* TASK ITEM: Whenever a line of the data below holds the string "part", copy that line.

* GIVEN DATA:
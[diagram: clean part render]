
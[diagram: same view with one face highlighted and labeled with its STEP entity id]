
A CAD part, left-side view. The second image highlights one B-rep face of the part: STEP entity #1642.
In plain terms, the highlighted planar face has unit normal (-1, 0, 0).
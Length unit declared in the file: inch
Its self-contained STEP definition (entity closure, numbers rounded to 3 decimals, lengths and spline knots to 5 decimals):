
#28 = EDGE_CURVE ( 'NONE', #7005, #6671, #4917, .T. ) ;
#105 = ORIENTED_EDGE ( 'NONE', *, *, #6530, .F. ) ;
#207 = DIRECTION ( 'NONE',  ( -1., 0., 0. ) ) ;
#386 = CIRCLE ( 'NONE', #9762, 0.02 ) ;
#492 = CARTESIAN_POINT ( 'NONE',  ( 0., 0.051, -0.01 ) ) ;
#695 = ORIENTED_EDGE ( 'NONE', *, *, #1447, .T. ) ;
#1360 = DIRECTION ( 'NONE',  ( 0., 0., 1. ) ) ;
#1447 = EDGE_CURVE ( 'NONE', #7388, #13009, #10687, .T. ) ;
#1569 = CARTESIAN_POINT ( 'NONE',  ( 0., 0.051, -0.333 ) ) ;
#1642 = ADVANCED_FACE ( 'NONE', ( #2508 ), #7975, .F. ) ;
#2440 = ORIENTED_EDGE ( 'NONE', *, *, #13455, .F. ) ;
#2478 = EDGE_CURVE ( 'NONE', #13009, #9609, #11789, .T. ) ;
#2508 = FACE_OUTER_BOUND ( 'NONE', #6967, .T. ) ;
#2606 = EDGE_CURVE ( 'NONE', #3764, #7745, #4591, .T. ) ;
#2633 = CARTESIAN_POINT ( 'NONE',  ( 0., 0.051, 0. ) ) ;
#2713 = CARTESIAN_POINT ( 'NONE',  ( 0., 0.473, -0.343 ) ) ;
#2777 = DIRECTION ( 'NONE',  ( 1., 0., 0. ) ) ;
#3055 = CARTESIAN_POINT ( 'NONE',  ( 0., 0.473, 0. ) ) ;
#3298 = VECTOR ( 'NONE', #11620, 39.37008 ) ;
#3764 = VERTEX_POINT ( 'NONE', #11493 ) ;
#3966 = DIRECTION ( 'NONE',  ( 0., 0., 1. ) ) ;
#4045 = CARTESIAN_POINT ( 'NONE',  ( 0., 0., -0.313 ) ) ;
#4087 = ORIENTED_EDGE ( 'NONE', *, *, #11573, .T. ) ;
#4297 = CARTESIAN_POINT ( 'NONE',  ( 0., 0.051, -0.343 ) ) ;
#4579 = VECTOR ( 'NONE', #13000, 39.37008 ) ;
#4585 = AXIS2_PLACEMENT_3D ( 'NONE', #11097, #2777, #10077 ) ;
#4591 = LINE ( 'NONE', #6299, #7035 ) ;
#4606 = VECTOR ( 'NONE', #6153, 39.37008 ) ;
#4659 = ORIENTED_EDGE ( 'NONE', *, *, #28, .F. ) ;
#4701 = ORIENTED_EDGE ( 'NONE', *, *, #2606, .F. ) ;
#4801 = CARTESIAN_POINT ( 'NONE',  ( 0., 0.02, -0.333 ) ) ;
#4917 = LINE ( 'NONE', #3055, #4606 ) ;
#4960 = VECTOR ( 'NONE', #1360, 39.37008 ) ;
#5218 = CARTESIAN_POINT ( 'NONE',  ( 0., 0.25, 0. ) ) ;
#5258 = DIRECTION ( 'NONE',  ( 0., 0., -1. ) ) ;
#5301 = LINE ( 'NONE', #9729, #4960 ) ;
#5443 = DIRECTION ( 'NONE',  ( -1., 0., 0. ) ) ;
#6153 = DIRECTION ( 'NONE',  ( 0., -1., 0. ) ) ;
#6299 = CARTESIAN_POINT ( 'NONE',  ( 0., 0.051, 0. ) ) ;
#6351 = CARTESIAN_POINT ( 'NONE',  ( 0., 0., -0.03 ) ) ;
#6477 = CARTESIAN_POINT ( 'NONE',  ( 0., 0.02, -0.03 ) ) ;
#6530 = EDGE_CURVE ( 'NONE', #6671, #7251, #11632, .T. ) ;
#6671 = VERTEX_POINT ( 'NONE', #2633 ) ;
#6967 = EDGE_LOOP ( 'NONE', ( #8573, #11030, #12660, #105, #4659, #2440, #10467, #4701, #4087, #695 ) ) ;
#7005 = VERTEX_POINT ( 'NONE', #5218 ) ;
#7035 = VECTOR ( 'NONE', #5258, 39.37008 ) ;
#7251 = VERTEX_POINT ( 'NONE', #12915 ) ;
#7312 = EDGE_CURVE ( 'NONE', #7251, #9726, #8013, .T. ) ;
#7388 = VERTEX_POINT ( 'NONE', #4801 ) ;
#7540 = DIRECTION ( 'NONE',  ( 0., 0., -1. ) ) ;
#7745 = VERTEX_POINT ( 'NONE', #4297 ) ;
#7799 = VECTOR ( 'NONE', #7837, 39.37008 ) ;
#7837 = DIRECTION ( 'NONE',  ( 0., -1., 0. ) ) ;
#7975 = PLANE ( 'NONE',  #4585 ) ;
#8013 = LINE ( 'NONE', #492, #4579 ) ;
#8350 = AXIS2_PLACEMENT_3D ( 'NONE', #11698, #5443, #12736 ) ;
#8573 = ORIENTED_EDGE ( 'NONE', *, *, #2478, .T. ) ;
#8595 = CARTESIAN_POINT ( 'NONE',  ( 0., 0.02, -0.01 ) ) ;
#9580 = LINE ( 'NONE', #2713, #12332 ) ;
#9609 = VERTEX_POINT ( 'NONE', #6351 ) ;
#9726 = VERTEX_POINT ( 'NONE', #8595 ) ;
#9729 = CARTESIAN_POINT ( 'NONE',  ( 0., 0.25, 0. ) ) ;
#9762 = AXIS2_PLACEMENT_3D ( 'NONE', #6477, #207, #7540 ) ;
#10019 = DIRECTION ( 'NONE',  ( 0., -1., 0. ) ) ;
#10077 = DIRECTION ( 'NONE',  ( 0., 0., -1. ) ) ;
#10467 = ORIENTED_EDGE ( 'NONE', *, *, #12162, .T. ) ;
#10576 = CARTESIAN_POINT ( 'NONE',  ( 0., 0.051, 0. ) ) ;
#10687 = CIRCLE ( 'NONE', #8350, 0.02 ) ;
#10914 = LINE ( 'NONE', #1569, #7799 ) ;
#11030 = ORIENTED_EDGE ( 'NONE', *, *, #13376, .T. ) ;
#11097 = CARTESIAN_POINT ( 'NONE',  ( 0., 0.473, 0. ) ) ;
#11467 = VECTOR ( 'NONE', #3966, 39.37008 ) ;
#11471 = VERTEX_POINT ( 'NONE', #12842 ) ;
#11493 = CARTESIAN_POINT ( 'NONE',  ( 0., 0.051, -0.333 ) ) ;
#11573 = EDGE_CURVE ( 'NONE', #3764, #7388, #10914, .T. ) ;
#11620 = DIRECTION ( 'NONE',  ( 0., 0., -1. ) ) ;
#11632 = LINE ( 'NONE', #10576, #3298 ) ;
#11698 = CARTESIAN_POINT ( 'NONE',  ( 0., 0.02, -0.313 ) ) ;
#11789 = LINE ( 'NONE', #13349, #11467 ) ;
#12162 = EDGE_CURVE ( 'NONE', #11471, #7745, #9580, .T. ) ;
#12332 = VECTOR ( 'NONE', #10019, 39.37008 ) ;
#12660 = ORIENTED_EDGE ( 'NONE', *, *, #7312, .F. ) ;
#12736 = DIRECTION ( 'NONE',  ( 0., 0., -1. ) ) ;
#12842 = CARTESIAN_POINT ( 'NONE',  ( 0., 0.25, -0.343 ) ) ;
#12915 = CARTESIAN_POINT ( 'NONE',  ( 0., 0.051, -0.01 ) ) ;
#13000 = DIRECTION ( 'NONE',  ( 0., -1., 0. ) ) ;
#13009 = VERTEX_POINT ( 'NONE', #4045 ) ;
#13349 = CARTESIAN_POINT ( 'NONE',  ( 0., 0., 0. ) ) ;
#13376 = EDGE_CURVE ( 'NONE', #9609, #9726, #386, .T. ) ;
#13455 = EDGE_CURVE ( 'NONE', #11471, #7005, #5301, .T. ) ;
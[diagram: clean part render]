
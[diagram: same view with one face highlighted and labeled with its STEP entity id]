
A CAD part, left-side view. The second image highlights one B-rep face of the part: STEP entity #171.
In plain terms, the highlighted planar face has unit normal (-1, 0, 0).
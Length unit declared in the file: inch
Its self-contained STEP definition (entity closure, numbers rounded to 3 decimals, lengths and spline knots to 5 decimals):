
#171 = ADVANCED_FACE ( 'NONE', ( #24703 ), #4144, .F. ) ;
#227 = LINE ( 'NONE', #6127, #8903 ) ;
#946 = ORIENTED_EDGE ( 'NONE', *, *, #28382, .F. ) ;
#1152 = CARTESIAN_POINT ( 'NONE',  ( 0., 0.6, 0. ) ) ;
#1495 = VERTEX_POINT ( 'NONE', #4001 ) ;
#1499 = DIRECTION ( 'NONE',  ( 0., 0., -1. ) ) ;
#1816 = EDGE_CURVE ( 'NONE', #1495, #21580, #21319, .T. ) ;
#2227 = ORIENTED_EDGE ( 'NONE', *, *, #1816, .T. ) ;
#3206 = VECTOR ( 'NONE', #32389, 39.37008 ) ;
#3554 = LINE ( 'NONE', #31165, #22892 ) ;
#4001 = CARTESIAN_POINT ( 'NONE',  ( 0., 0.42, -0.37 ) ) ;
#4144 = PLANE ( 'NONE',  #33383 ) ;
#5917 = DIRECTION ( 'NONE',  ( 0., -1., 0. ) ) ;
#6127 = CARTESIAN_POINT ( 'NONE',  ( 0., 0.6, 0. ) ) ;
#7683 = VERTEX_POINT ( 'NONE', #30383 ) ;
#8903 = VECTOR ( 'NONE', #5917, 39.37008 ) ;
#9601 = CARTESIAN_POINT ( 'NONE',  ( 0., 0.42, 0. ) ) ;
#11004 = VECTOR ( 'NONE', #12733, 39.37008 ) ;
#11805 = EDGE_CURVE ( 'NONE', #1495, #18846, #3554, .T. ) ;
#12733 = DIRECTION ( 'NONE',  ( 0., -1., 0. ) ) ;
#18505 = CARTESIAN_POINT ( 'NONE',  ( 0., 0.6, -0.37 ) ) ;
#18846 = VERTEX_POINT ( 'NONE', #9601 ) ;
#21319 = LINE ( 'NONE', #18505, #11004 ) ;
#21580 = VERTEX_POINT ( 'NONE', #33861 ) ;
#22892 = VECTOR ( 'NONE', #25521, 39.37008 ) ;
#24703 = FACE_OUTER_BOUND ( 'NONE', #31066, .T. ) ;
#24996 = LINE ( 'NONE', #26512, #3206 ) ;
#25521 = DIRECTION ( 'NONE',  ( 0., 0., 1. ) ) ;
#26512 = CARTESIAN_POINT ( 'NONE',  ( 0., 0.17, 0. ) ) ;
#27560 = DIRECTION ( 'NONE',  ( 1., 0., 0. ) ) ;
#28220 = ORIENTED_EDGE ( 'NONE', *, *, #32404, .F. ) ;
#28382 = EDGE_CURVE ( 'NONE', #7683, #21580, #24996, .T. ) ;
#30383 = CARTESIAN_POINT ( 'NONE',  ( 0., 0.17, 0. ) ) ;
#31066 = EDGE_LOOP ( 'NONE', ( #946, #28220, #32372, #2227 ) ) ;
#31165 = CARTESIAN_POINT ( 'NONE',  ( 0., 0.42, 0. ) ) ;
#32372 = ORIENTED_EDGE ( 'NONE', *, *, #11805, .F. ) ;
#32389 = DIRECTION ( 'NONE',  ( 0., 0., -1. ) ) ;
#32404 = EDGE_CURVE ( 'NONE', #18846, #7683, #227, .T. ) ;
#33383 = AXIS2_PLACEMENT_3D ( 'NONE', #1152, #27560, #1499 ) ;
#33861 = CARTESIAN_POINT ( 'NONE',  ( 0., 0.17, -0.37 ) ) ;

* SOLUTION TO THE EXERCISE:
[diagram: clean part render]
A CAD part, left-side view. The second image highlights one B-rep face of the part: STEP entity #1642.
[diagram: clean part render]
A CAD part, left-side view. The second image highlights one B-rep face of the part: STEP entity #171.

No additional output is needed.